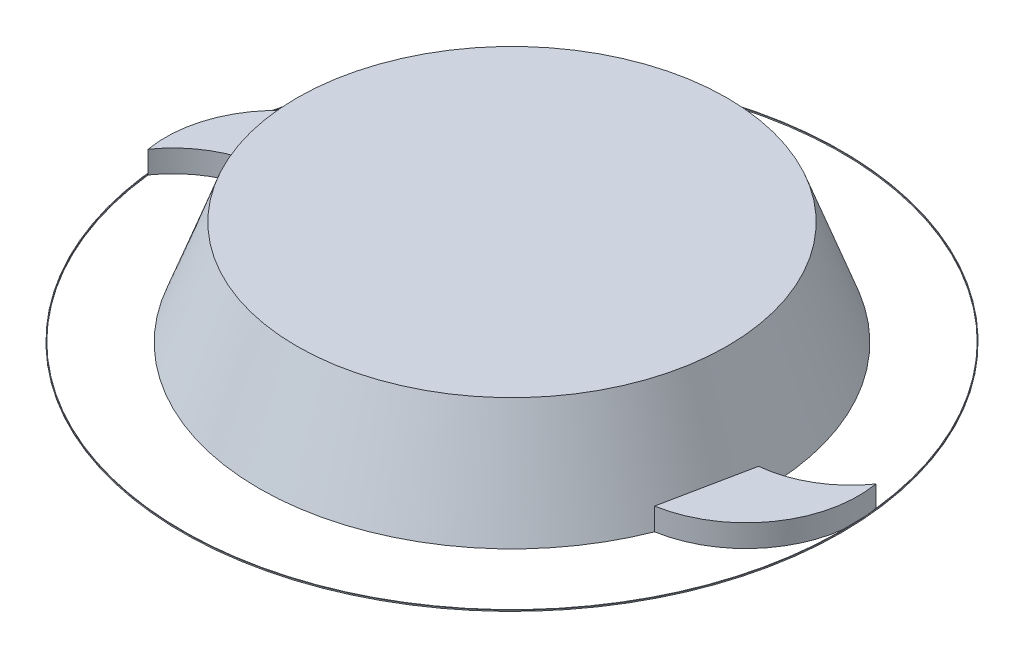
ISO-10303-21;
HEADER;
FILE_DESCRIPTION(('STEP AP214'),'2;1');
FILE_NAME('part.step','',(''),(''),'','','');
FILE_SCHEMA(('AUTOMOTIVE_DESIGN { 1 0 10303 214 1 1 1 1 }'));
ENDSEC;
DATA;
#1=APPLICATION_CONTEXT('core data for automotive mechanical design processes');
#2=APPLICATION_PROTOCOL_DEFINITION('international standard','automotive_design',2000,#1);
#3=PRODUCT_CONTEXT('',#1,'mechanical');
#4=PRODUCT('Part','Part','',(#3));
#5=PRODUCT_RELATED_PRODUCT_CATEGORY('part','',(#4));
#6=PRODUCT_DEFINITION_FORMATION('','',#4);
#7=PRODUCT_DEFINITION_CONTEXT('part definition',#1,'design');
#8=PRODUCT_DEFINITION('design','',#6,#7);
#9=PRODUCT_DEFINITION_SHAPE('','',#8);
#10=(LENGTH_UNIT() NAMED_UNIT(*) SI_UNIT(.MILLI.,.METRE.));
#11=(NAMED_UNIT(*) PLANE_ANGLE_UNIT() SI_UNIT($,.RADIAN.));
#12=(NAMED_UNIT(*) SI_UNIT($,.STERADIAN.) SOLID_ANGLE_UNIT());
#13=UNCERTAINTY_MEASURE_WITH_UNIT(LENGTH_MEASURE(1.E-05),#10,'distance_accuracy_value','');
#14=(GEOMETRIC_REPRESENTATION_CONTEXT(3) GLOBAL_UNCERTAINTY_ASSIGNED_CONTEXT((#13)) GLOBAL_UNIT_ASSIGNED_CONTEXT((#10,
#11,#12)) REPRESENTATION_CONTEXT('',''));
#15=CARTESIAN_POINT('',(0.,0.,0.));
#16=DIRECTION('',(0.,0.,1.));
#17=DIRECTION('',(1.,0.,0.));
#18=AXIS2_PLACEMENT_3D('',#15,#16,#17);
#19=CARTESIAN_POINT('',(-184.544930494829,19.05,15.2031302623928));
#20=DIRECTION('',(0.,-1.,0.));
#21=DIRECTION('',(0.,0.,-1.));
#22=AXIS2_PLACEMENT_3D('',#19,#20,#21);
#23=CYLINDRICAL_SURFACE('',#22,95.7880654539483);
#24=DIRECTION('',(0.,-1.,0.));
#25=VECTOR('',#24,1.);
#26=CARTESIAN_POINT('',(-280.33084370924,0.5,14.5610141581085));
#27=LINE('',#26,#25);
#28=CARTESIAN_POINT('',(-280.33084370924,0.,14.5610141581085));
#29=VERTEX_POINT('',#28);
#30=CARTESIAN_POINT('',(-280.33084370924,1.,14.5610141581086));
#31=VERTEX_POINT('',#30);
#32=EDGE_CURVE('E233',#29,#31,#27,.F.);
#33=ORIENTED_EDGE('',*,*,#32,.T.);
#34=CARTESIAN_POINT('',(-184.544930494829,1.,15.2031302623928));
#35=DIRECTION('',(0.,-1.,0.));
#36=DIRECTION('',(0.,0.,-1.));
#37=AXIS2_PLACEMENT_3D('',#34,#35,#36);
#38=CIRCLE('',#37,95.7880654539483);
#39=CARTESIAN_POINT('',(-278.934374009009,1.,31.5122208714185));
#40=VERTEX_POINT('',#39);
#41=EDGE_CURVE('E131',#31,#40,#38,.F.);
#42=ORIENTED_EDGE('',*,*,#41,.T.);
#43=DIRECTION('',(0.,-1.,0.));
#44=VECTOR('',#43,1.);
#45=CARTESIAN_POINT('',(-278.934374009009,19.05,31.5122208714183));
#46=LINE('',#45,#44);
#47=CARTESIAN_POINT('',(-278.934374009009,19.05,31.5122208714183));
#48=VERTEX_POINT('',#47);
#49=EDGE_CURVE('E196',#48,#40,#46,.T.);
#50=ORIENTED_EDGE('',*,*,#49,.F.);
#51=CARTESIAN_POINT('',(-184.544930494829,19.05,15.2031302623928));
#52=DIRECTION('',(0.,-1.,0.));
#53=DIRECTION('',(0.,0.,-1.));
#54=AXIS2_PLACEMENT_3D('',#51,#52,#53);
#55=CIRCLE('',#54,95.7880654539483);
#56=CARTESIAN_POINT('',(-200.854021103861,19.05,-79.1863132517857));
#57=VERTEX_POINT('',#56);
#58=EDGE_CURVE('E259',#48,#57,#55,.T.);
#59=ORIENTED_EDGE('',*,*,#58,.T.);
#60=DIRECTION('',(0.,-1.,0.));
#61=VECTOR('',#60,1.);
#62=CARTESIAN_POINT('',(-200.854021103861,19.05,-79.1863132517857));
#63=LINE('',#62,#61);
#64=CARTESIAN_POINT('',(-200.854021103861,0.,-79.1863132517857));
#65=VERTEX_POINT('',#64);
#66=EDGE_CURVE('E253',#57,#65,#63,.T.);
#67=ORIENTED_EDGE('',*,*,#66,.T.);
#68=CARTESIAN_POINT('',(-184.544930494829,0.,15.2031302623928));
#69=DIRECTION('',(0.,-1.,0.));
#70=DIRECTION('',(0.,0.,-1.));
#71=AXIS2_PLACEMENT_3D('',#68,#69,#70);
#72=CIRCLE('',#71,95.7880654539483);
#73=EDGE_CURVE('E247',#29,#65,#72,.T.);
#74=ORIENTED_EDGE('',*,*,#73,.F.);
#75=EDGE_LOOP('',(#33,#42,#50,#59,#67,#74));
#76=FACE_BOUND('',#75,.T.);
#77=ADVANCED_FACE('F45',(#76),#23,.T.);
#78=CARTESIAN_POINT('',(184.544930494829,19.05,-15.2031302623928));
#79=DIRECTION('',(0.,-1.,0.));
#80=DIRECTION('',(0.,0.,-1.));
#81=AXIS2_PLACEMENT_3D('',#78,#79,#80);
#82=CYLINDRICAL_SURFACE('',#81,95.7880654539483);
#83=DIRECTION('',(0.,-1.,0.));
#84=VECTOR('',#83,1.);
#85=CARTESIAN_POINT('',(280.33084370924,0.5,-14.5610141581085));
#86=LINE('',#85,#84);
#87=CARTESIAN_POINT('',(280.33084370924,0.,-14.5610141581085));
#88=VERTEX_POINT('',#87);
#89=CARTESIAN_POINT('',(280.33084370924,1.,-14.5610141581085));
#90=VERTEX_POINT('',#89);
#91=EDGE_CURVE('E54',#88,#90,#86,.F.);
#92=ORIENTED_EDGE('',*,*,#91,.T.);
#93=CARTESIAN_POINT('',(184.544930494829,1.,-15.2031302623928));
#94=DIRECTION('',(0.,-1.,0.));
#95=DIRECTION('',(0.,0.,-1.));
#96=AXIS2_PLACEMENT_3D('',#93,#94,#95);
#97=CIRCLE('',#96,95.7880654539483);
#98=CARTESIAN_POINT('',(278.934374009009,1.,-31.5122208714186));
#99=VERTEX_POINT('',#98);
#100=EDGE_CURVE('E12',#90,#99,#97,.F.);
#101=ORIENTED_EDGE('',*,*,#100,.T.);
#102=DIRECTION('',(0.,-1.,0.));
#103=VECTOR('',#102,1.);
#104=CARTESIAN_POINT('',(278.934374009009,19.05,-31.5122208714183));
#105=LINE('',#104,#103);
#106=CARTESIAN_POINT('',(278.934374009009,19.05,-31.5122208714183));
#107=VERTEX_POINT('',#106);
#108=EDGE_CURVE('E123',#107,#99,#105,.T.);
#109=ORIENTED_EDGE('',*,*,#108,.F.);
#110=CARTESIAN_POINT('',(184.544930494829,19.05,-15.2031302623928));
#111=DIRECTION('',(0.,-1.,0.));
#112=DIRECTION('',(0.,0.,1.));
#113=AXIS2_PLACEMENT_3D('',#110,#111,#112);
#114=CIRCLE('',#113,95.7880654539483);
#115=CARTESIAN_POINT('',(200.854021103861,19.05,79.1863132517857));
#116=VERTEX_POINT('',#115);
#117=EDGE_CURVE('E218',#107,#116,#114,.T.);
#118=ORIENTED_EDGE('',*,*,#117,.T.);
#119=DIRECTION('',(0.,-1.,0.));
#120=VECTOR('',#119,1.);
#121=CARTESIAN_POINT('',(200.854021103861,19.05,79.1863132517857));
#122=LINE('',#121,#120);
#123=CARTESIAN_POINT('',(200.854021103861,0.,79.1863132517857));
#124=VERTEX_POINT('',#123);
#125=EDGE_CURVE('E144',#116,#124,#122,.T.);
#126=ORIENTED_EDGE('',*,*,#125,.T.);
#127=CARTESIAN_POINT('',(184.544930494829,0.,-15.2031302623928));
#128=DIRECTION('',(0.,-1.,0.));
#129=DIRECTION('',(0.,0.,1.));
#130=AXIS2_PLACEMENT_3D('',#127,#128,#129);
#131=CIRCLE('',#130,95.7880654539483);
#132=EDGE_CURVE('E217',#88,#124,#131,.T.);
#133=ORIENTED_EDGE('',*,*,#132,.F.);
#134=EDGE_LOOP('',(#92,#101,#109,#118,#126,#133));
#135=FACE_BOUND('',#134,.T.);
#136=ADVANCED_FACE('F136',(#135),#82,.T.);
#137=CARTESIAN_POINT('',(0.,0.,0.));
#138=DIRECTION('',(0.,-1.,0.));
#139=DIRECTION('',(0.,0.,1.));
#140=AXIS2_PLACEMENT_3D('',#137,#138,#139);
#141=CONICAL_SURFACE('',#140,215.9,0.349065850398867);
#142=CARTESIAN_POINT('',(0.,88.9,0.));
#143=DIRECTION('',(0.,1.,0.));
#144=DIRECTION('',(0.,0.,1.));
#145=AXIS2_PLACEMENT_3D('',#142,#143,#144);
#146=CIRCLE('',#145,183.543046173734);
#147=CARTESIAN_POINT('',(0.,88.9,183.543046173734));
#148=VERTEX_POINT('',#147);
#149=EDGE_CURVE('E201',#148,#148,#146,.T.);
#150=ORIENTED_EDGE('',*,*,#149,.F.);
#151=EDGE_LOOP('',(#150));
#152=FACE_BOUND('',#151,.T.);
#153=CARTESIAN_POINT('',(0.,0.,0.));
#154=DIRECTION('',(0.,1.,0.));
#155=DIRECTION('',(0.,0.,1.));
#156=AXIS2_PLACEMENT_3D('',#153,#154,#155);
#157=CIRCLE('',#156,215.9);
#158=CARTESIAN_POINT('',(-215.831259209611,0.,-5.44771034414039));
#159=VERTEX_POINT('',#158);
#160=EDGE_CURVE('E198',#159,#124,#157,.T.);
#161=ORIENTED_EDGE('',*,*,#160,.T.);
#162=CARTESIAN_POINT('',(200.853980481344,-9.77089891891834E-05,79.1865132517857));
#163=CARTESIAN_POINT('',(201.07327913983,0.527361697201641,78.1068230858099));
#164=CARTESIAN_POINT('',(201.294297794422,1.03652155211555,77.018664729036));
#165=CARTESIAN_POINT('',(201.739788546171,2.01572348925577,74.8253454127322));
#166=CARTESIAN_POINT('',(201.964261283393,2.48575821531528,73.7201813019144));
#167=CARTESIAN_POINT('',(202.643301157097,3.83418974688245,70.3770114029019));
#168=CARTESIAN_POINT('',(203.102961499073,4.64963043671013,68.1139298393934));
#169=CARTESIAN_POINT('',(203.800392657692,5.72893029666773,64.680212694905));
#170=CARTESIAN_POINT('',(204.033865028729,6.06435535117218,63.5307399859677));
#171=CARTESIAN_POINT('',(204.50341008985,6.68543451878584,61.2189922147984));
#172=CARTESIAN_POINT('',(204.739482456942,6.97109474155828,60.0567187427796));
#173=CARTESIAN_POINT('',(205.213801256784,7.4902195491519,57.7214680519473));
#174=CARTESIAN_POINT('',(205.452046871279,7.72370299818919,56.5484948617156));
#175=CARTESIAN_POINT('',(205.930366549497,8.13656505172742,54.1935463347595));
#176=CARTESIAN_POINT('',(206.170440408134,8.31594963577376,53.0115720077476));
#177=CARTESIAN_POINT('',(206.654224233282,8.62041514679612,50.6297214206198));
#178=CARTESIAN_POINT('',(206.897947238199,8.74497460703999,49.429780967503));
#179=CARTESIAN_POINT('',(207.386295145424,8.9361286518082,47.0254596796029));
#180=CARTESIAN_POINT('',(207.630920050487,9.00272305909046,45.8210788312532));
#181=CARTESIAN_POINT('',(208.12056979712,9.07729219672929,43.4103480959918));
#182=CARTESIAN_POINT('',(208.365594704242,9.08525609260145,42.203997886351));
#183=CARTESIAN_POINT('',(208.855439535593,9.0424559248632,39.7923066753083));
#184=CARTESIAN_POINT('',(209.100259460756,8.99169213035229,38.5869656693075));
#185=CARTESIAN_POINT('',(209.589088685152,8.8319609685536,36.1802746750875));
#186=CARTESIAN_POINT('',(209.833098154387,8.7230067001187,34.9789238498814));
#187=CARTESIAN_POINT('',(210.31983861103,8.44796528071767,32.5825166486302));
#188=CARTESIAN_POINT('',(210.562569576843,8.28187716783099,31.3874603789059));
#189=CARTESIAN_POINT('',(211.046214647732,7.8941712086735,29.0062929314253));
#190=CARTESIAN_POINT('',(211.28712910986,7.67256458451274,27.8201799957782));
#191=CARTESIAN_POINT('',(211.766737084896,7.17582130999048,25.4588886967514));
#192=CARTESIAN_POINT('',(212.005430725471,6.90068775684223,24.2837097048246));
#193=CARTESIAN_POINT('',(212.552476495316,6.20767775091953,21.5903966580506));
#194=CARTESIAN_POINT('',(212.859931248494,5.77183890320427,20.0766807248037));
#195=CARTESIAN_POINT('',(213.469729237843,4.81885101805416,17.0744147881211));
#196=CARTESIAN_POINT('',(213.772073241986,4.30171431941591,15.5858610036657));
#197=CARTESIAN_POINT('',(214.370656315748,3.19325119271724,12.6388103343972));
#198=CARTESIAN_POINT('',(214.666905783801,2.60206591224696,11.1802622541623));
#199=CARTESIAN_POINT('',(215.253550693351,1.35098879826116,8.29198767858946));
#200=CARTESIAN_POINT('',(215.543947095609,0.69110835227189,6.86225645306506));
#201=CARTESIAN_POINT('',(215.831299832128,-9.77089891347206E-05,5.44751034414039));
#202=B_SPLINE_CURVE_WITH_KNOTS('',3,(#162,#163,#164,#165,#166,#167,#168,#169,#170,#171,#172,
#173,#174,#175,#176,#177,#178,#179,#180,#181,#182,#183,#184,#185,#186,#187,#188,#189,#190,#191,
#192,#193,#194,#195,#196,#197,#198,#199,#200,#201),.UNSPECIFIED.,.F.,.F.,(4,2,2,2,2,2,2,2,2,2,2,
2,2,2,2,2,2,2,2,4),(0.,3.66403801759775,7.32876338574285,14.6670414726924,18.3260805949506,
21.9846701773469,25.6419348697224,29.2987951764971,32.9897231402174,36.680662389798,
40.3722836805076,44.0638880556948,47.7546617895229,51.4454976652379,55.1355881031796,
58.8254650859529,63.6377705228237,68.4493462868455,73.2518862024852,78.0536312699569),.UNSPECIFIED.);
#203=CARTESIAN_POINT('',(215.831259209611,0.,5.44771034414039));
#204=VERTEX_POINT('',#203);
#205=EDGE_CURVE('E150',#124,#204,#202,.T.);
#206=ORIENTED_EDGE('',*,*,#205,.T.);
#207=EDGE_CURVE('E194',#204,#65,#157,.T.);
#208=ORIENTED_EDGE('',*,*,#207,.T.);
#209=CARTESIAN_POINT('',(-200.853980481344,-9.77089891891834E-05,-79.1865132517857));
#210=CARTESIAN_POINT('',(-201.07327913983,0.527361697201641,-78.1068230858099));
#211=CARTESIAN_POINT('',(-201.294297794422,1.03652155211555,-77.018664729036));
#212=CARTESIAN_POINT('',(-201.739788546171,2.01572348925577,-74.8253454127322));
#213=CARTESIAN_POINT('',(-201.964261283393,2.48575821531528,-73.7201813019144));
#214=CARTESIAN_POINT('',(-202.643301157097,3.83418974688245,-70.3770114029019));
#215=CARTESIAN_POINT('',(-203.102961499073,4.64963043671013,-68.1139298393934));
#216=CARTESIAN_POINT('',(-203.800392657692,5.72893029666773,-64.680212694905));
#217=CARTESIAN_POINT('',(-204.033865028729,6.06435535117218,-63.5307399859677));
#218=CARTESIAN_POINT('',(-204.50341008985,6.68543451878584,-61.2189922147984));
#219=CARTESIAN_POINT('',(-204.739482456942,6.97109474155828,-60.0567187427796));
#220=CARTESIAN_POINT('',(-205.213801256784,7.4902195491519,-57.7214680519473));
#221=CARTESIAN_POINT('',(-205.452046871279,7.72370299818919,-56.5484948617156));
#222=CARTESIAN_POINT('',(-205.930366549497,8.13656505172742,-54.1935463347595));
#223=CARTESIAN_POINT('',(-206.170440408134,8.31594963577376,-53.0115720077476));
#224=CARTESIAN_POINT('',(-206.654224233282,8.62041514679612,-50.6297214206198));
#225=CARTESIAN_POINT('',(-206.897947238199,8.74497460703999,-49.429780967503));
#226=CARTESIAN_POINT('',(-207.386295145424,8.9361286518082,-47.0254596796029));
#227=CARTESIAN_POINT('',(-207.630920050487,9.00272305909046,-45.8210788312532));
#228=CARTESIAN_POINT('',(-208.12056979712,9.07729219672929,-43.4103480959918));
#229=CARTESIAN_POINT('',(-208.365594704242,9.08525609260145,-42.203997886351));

— Exercise instructions —
Print each line of the listing, starting at its first and ending with the line that holds "#17=DIRECTION('',(1.,0.,0.));", but skip any pictures.

— Exercise answer —
ISO-10303-21;
HEADER;
FILE_DESCRIPTION(('STEP AP214'),'2;1');
FILE_NAME('part.step','',(''),(''),'','','');
FILE_SCHEMA(('AUTOMOTIVE_DESIGN { 1 0 10303 214 1 1 1 1 }'));
ENDSEC;
DATA;
#1=APPLICATION_CONTEXT('core data for automotive mechanical design processes');
#2=APPLICATION_PROTOCOL_DEFINITION('international standard','automotive_design',2000,#1);
#3=PRODUCT_CONTEXT('',#1,'mechanical');
#4=PRODUCT('Part','Part','',(#3));
#5=PRODUCT_RELATED_PRODUCT_CATEGORY('part','',(#4));
#6=PRODUCT_DEFINITION_FORMATION('','',#4);
#7=PRODUCT_DEFINITION_CONTEXT('part definition',#1,'design');
#8=PRODUCT_DEFINITION('design','',#6,#7);
#9=PRODUCT_DEFINITION_SHAPE('','',#8);
#10=(LENGTH_UNIT() NAMED_UNIT(*) SI_UNIT(.MILLI.,.METRE.));
#11=(NAMED_UNIT(*) PLANE_ANGLE_UNIT() SI_UNIT($,.RADIAN.));
#12=(NAMED_UNIT(*) SI_UNIT($,.STERADIAN.) SOLID_ANGLE_UNIT());
#13=UNCERTAINTY_MEASURE_WITH_UNIT(LENGTH_MEASURE(1.E-05),#10,'distance_accuracy_value','');
#14=(GEOMETRIC_REPRESENTATION_CONTEXT(3) GLOBAL_UNCERTAINTY_ASSIGNED_CONTEXT((#13)) GLOBAL_UNIT_ASSIGNED_CONTEXT((#10,
#11,#12)) REPRESENTATION_CONTEXT('',''));
#15=CARTESIAN_POINT('',(0.,0.,0.));
#16=DIRECTION('',(0.,0.,1.));
#17=DIRECTION('',(1.,0.,0.));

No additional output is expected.